My life before this program was no kind of life at all. I had started to use drugs and alcohol around the age of 16 and my usage only progressed. By the time I was in college, I was unable to maintain studies while using, so I dropped out after my second year.
I was using opiates and methamphetamines, primarily at this point, and devoted all my time and energy to paying for this habit, which often meant abusing the health that was given to me by my family.
I began getting arrested frequently for misdemeanors at this point, and eventually incurred felonies for distribution of the drugs, I was now selling. I should also mention I had become a devout Satanist at this at this point in my life. I worship myself and indulged in everything worldly without a second thought about morality, my health, or anything else.
In January 2021, I was arrested for my felonies. My family would no longer bond me out and I spent eight months in jail, and met God there in my cell. I was placed in a higher security pod with nothing but a Bible. As God would have it, a guy on the other side of the air vent was a Christian and would give me scriptures to read. At the same time, the resource kiosk in the jail, had only one recovery program with an application we could complete online—Adult & Teen Challenge Midsouth. I asked God to let me go to ATCM and, in return, I would give my life to him. My lawyer got the court to agree to let me come. I had no idea how great of an opportunity this was.
Since I arrived, everything I once represented, was challenged and brought to light. I quickly found I couldn’t manipulate or cheat this program – – and the struggle was real. I discovered what accountability and integrity is – – two foreign concepts. The brotherhood I was made a part of really helped us sharpen one another and encourage one another when we struggle.

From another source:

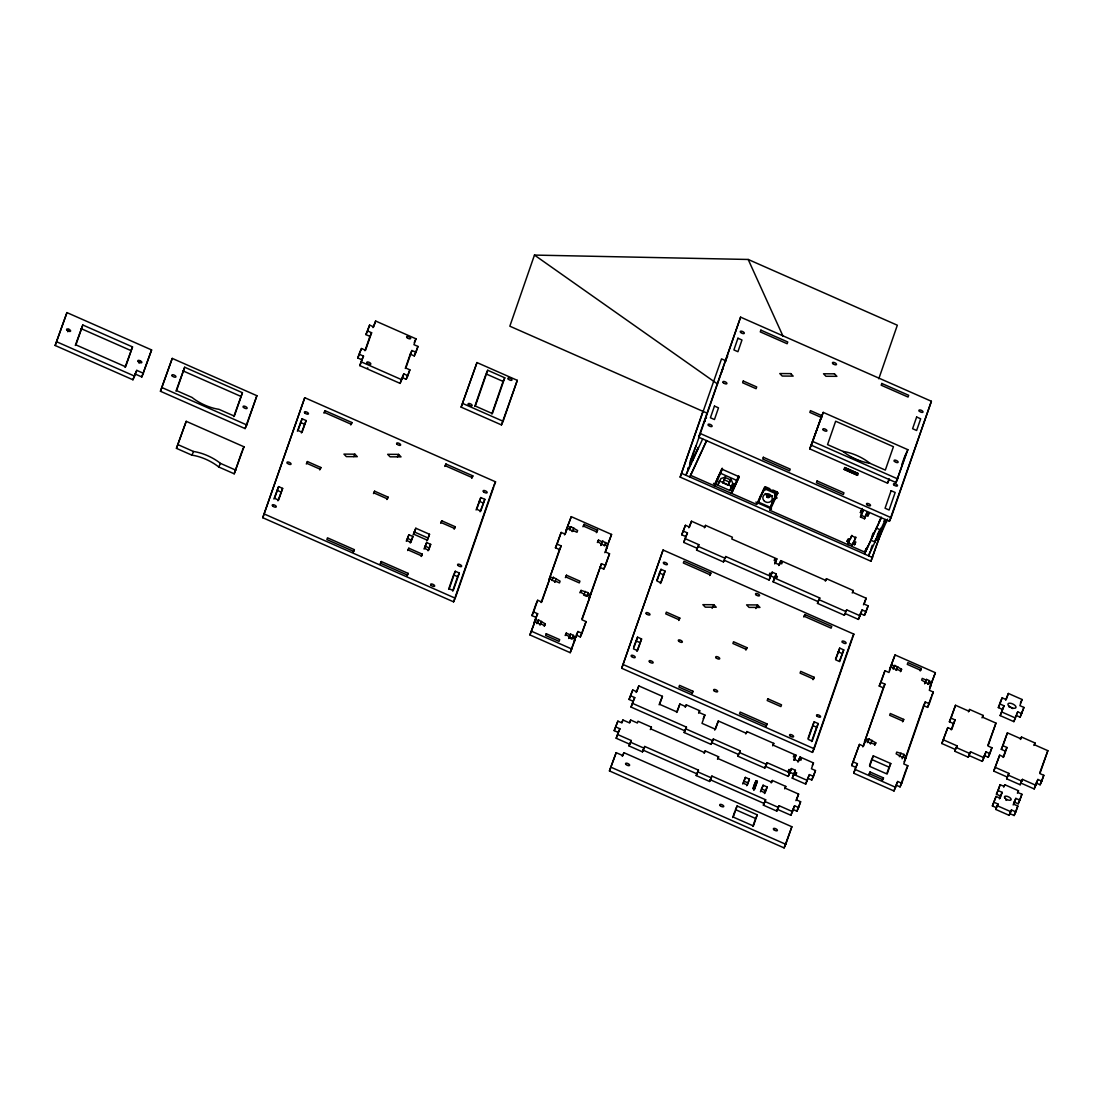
<?xml version="1.0" encoding="UTF-8"?>
<svg xmlns="http://www.w3.org/2000/svg" width="1103" height="1103" viewBox="0 0 1103 1103"><rect width="100%" height="100%" fill="white"/><g stroke="black" fill="none" stroke-linecap="round" stroke-linejoin="round"><path stroke-width="1.5" d="M136.772 370.36L132.939 379.777L55.15 345.487L66.952 312.604L151.594 349.927L141.818 376.95L135.104 374L136.772 370.36L143.5 373.324M55.15 345.487L66.952 312.604M75.294 345.446L82.794 324.985L132.512 346.907L125.632 366.789L75.914 344.867L82.794 324.985M125.011 367.368L132.512 346.907M141.818 376.95L151.594 349.927M160.445 391.262L172.247 358.392L256.889 395.701L246.769 424.945L245.087 428.584L160.445 391.262L172.247 358.392M175.97 391.138L184.67 367.23L242.439 392.709L234.346 416.107L218.89 409.296A26.693 11.195 24.8 0 1 192.019 397.438L176.577 390.627L184.67 367.23M176.439 448.342L186.214 421.318L243.984 446.784L234.208 473.807L218.752 466.996A26.693 11.195 24.8 0 0 191.894 455.153L176.439 448.342L186.214 421.318M233.753 416.617L242.439 392.709M245.087 428.584L256.889 395.701M234.208 473.807L241.764 451.982M262.776 517.721L304.745 397.7L495.537 481.818L455.249 598.198L453.567 601.838L262.776 517.721L304.745 397.7M273.902 499.025L278.618 486.616L282.644 488.395L278.59 500.086L274.564 498.322L278.618 486.616M297.383 431.19L302.098 418.782L306.124 420.56L302.084 432.252L298.044 430.473L302.098 418.782M277.928 500.803L282.644 488.395M301.409 432.969L306.124 420.56M307.42 461.564L306.813 463.329L320.242 469.244L320.849 467.493L307.42 461.564L306.303 463.991M325.027 410.688L324.42 412.439L351.292 424.297L351.898 422.532L325.027 410.688L323.91 413.115M403.822 373.903L402.14 377.529L406.166 379.308L407.848 375.682L403.822 373.903L400.113 383.389L359.812 365.617L361.839 359.757L357.799 357.992L359.826 352.133L361.508 348.507L365.534 350.285L371.614 332.734L367.575 330.955L369.602 325.109L373.641 326.888L375.654 321.042L415.969 338.814L413.942 344.66L417.968 346.439L415.955 352.284L414.273 355.924L410.233 354.146L411.915 350.506L415.955 352.284M364.969 350.726L369.932 336.374L365.906 334.595L369.602 325.109M357.799 357.992L361.508 348.507M372.966 327.605L375.654 321.042M359.812 365.617L363.507 356.131L359.481 354.353M400.113 383.389L401.63 378.991M405.27 368.499L410.233 354.146M411.915 350.506L405.849 368.057L409.875 369.836L407.848 375.682M406.166 379.308L409.875 369.836M414.273 355.924L417.968 346.439M354.353 549.666L353.746 551.431L326.874 539.574L327.481 537.823L354.353 549.666L353.236 552.093M374.593 491.193L373.986 492.944L387.415 498.873L388.035 497.108L374.593 491.193L373.476 493.606M381.224 561.524L380.618 563.275L407.49 575.118L408.096 573.367L381.224 561.524L380.108 563.936M406.276 541.201L407.283 538.278L411.322 540.056L410.302 542.979M408.91 534.762L406.883 540.608L410.909 542.386L412.936 536.541L408.91 534.762L407.834 537.106M413.101 534.858L415.817 528.24L429.522 534.279L427.454 540.249L413.749 534.197L415.817 528.24M408.827 548.205L408.22 549.97L421.649 555.884L422.256 554.133L408.827 548.205L407.738 550.549M461.137 407.145L476.979 362.57L517.293 380.342L503.12 421.277L501.438 424.903L461.137 407.145L476.979 362.57M445.943 464.005L445.336 465.756L472.208 477.613L472.815 475.848L445.943 464.005L444.826 466.431M424.007 549.018L426.64 542.579L430.68 544.358L428.653 550.204L424.614 548.439L426.64 542.579M426.806 540.897L429.522 534.279M474.773 406.442L485.472 375.53M487.705 370.263L475.324 406.056L492.379 413.584L504.774 377.791L487.705 370.263L486.037 373.903L503.092 381.417L491.828 413.956M428.047 550.797L430.68 544.358M441.765 520.809L441.159 522.56L454.601 528.489L455.208 526.738L441.765 520.809L440.649 523.236M878.788 378.784L897.332 325.22L748.192 259.467L534.459 255.083L509.834 326.198L706.954 413.101M501.438 424.903L517.293 380.342M448.631 589.236L453.595 574.884L457.635 576.662L452.657 591.015M476.069 509.972L480.784 497.563L484.824 499.342L480.77 511.034L476.744 509.269L480.784 497.563M455.277 571.257L449.211 588.795L453.236 590.574L459.317 573.036L455.277 571.257L454.16 573.67M480.108 511.751L484.824 499.342M453.567 601.838L493.289 487.071M537.685 600.266L533.631 611.958L537.657 613.737L533.962 623.223L535.989 617.377L531.949 615.598L536.003 603.892L537.685 600.266L541.711 602.045L549.804 578.648L555.181 581.901L555.457 581.143L559.483 582.908L560.09 581.157L553.361 577.324L551.983 580.495M561.165 532.432L557.112 544.124L561.151 545.902L548.742 580.523L559.469 549.528L555.429 547.75L561.165 532.432L565.191 534.197L567.342 528.006L572.719 531.26L572.981 530.502L577.007 532.28L577.614 530.529L570.899 526.683L569.782 529.109M568.624 638.499L570.306 634.873L566.266 633.094L565.66 634.845L569.699 636.624L569.424 637.382L575.339 639.12L570.21 652.686L529.909 634.914L535.024 621.347L540.415 624.588L540.677 623.829L544.703 625.608L545.309 623.857L538.581 620.01L536.913 623.65M541.118 602.555L549.804 578.648M564.529 534.914L567.342 528.006M529.909 634.914L535.024 621.347M571.271 516.659L566.266 529.895L571.271 516.659L611.572 534.431L606.457 547.998L611.572 534.431M537.202 623.195L538.581 620.01M553.361 577.324L553.099 578.082L550.411 576.897M569.506 529.867L570.899 526.683M566.487 575.214L565.88 576.966L579.309 582.894L579.916 581.143L566.487 575.214L565.37 577.641M584.094 524.339L583.487 526.09L596.93 532.018L597.536 530.267L584.094 524.339L582.977 526.765M599.77 567.3L603.81 569.079L605.478 565.453L601.452 563.674L589.043 598.295L590.725 594.669L588.037 593.483L588.299 592.725L581.047 590.395L580.44 592.159L587.168 595.992L587.43 595.234L590.119 596.42L582.012 619.817L586.051 621.596L581.998 633.287L580.316 636.914L576.29 635.149L577.972 631.509L581.998 633.287M608.125 544.372L602.748 541.118L602.486 541.89L598.46 540.112L597.854 541.863L604.568 545.695L604.844 544.937L607.519 546.123L605.506 551.969L609.532 553.747L605.478 565.453M601.08 544.758L600.804 545.516L602.748 541.118M570.306 634.873L570.568 634.115L573.519 635.411L572.14 638.596M570.21 652.686L573.657 642.746M575.78 636.61L574.263 640.995L577.972 631.509M581.957 618.769L590.119 596.42M604.83 552.686L607.519 546.123M590.725 594.669L601.452 563.674M580.316 636.914L586.051 621.596M603.81 569.079L609.532 553.747M884.372 523.704L870.956 561.234L680.165 477.116L703.08 410.936M680.165 477.116L721.527 358.861L726.257 360.957M698.64 437.16L740.596 317.154L931.387 401.271L891.1 517.652L889.418 521.278L698.64 437.16L700.308 433.534L891.1 517.652M693.815 451.113L690.271 461.357L691.953 457.717M740.596 317.154L689.926 463.563L693.952 454.85L685.887 475.269L702.666 438.939M704.955 420.974L705.217 420.215M705.823 418.451L706.085 417.692M692.284 458.49L692.546 457.717M706.182 418.313L706.444 417.541M621.706 668.266L663.068 550.011L853.846 634.128L814.166 748.758L812.497 752.384L621.706 668.266L663.068 550.011M690.892 474.207L689.913 477.047L706.692 440.717M633.839 646.648L637.548 637.176L641.574 638.954L637.52 650.646L633.494 648.867L637.548 637.176M656.809 580.275L661.028 569.327L665.054 571.106L661 582.811L656.974 581.033L661.028 569.327M636.858 651.349L641.574 638.954M660.339 583.515L665.054 571.106M723.444 561.923L724.051 560.172L769.067 580.013L770.735 576.373L725.733 556.532L723.444 561.923L696.572 550.08L697.179 548.315L683.75 542.4L685.776 536.554L681.737 534.776L685.446 525.29L689.472 527.069L691.498 521.223L704.927 527.137L705.534 525.386L732.406 537.23L731.799 538.995L776.815 558.835L776.402 560.007L774.664 559.235L774.209 560.517L775.96 561.289L775.354 563.04L779.38 564.819L779.986 563.068L781.737 563.84L782.179 562.558L780.441 561.785L780.841 560.614L825.857 580.454L826.464 578.703L853.336 590.546L852.729 592.297L866.158 598.226L864.132 604.072L868.158 605.85L866.145 611.696L864.462 615.336L860.437 613.558L862.105 609.918L866.145 611.696M779.09 805.7L777.422 809.34L790.851 815.255L792.533 811.629L779.09 805.7L776.815 811.091L763.373 805.162L765.661 799.785L711.918 776.085L709.629 781.475L696.2 775.547L698.489 770.156L644.745 746.469L642.456 751.86L629.027 745.931L629.634 744.18L616.191 738.252L618.218 732.406L614.192 730.627L617.887 721.141L621.927 722.92L622.933 719.997L629.648 722.961L630.668 720.038L637.382 723.003L637.989 721.238L651.418 727.167L650.811 728.918L704.555 752.618L705.162 750.867L718.605 756.782L717.998 758.547L771.728 782.234L772.348 780.483L785.777 786.411L785.171 788.162L798.6 794.077L796.587 799.937L800.613 801.716L798.586 807.561L796.904 811.188L792.878 809.409L794.56 805.783L798.586 807.561M681.737 534.776L685.446 525.29M614.192 730.627L617.887 721.141M713.338 738.996L711.669 742.622L738.541 754.466L737.935 756.231L764.793 768.074L766.475 764.434L739.603 752.591L740.21 750.84L713.338 738.996L711.063 744.373L684.191 732.53L684.798 730.779L631.054 707.078L633.081 701.232L629.041 699.454L632.75 689.982L636.776 691.746L638.802 685.901L662.42 696.324L659.649 704.334L677.118 712.028L679.889 704.017L685.666 706.568L686.273 704.817L699.716 710.732L699.109 712.497L704.886 715.034L702.004 723.347L715.447 729.262L718.315 720.962L746.29 733.288L746.896 731.537L773.768 743.381L773.162 745.145L795.994 755.21L795.594 756.382L793.843 755.61L793.402 756.892L795.153 757.664L794.546 759.429L798.572 761.194L799.179 759.443L800.93 760.215L801.371 758.933L799.62 758.161L800.033 756.989L813.462 762.918L811.436 768.763L815.475 770.542L813.449 776.388L811.767 780.014L807.741 778.235L809.409 774.609L813.449 776.388M629.041 699.454L632.75 689.982M688.81 527.772L691.498 521.223M683.75 542.4L687.445 532.914L683.419 531.136M616.191 738.252L619.9 728.766L615.86 727.001M636.114 692.463L638.802 685.901M631.054 707.078L634.749 697.606L630.723 695.828M609.449 770.914L616.177 752.66L622.905 755.624L623.912 752.687L791.857 826.74L785.777 844.291L784.109 847.917L609.449 770.914L616.177 752.66M701.715 451.072L690.519 475.283L714.137 485.706L722.203 468.182M738.638 475.793L731.124 493.248L715.006 486.133L718.287 476.661M715.006 486.133L722.52 468.678M717.86 485.21L719.335 480.936L731.427 486.271L729.952 490.545L717.86 485.21L720.935 478.55L724.74 477.309L731.454 480.274L733.026 483.872L729.952 490.545M696.572 550.08L698.861 544.689L685.418 538.76M629.027 745.931L631.302 740.54L617.873 734.626M728.27 485.21L730.862 478.73L728.27 485.21L722.906 482.838L725.498 476.358M722.906 482.838L725.098 477.516M679.779 618.052L679.172 619.803L665.743 613.875L666.35 612.124L679.779 618.052L678.662 620.465M731.124 493.248L732.489 489.291M732.971 487.912L734.405 483.776M777.973 493.151L764.544 487.223L756.603 504.429L731.606 493.399L739.189 476.565M642.456 751.86L644.745 746.469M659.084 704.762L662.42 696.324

God has met every need. When I need medical services, I received a stimulus check that
covered the cost. When I needed a car for work, I was able to purchase one for only $300. Nothing about this was easy – – but every each and every struggle brought issues to light and change my character for the better. I now feel conviction when I do something wrong or pursue something ungodly. I now have Christian friendship and role models I can consult. I have a church family that will last far beyond this program. My fear of God, my choices and my trust in him to take me wherever he wants me. I’m not afraid anymore. This program has provided the things I need to navigate this world.